The wild forest regenerated after great destruction.  The process took years for the seeds of new trees to sprout and grow; the process is ongoing, never quite complete.  But the Adirondack forest regenerated thanks in large part to careful forest management guided by the “forever wild” law that prevented clearing the destruction, but, instead, allowed the new growth to emerge from the blowdown.

I have enough faith in our nation to believe that America will regenerate after this moment of terrible chaos and destruction.  But regeneration will require careful management of the seeds of our democracy — the ability to speak and act with freedom, a more thoughtful and considered exercise of restraint to allow argumentation without anger, and a willingness on the part of government to be a robust steward of the necessary elements of regeneration including the protection of voting rights, respect for the Constitutionally mandated processes of governance, restraint on those who would exercise authoritarian control, rejection of the tyranny of special interests.
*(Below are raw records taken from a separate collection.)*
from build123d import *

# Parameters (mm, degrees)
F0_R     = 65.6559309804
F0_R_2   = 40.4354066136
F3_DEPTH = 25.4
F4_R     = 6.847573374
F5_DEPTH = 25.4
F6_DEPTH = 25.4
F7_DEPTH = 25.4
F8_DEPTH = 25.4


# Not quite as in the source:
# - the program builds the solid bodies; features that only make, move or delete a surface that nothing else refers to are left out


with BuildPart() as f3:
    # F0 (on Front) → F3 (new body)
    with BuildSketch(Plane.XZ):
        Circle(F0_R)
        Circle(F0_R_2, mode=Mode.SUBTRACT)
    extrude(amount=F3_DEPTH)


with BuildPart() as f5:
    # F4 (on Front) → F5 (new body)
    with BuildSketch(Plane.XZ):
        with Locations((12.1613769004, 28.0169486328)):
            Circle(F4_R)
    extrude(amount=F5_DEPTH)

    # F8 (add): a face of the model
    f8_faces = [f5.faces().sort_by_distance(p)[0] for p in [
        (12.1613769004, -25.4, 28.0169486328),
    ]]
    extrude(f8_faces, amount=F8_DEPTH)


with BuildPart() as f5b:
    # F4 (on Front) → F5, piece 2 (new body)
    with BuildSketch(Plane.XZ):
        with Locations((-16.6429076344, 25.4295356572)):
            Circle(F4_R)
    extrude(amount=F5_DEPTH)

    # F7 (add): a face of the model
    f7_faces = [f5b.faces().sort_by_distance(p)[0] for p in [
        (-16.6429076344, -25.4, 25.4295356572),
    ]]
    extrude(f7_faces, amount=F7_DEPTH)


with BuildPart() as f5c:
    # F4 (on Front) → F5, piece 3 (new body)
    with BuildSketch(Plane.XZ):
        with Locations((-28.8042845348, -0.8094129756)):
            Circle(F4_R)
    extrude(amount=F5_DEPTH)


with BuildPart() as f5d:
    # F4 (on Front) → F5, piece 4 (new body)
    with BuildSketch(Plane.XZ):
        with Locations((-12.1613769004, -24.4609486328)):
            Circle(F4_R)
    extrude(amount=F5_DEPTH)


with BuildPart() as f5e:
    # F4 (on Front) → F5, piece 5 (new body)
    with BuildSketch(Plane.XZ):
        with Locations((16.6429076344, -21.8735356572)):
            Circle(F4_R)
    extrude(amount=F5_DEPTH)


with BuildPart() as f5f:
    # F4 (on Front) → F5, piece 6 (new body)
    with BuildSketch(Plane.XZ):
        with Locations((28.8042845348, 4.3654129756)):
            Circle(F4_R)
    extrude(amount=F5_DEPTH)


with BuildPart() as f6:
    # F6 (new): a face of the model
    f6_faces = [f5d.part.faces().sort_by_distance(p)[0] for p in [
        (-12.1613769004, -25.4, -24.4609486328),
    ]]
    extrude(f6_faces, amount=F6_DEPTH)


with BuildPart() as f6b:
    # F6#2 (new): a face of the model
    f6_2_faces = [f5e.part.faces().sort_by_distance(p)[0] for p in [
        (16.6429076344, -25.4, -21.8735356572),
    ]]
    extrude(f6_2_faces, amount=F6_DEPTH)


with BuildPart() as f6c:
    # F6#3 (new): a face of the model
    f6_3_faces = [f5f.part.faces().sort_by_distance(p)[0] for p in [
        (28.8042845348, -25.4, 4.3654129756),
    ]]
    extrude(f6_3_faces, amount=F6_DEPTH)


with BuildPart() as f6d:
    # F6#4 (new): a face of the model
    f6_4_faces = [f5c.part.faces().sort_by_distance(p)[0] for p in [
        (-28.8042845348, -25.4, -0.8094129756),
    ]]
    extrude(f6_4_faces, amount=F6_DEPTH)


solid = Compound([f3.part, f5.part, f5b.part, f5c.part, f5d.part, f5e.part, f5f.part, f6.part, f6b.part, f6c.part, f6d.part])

The men who signed the Declaration of Independence were not radicals hurling bombs from the streets; they were landowners and publishers and gentry; all white men including slaveowners; deeply flawed men whose interests were as much economic as philosophical.  We can point out their endless failings, but one thing is clear:  their courageous actions in that hot July summer of 1776 spawned a revolution in favor of democracy and freedom that continues to this day.

The stewardship of 1776 continued across generations as Americans in each era rose to the challenges that threatened this nation’s future.  The wars fought against foreign assailants were terrible, but the worst war of all was the Civil War, a gash in American history that never really healed.  America’s recent traumas reveal that the Civil War continued in many ways, not only persistently limiting the freedom and justice due to Black Americans, but debilitating the ability of all citizens to live in peace.

We the People — today’s generation of American citizens — we are the current stewards of the movement that began on July 4, 1776.  We owe it to our history and to the future to work harder to ensure the ability of our democracy to regenerate itself after this era of so much destruction.  We can start by exercising the most fundamental obligation of citizenship — to vote in every single election.  Elections matter, as we now know from the results of a Supreme Court filled with justices appointed by a president elected by a minority of citizens.  Had the millions of people who failed to vote in 2016 done so, the results we experience today might have been far different.  A commentator recently wrote, and I agree — the greatest danger to our democracy is not the demagogue or rightwingers, but rather, the apathy of the majority who fail to vote.

Critical elections will occur this fall.  This is the moment to make sure that the seeds of American regeneration are well planted in every state, ever district, every single election.  Vote as if our country depends on YOU — because it does!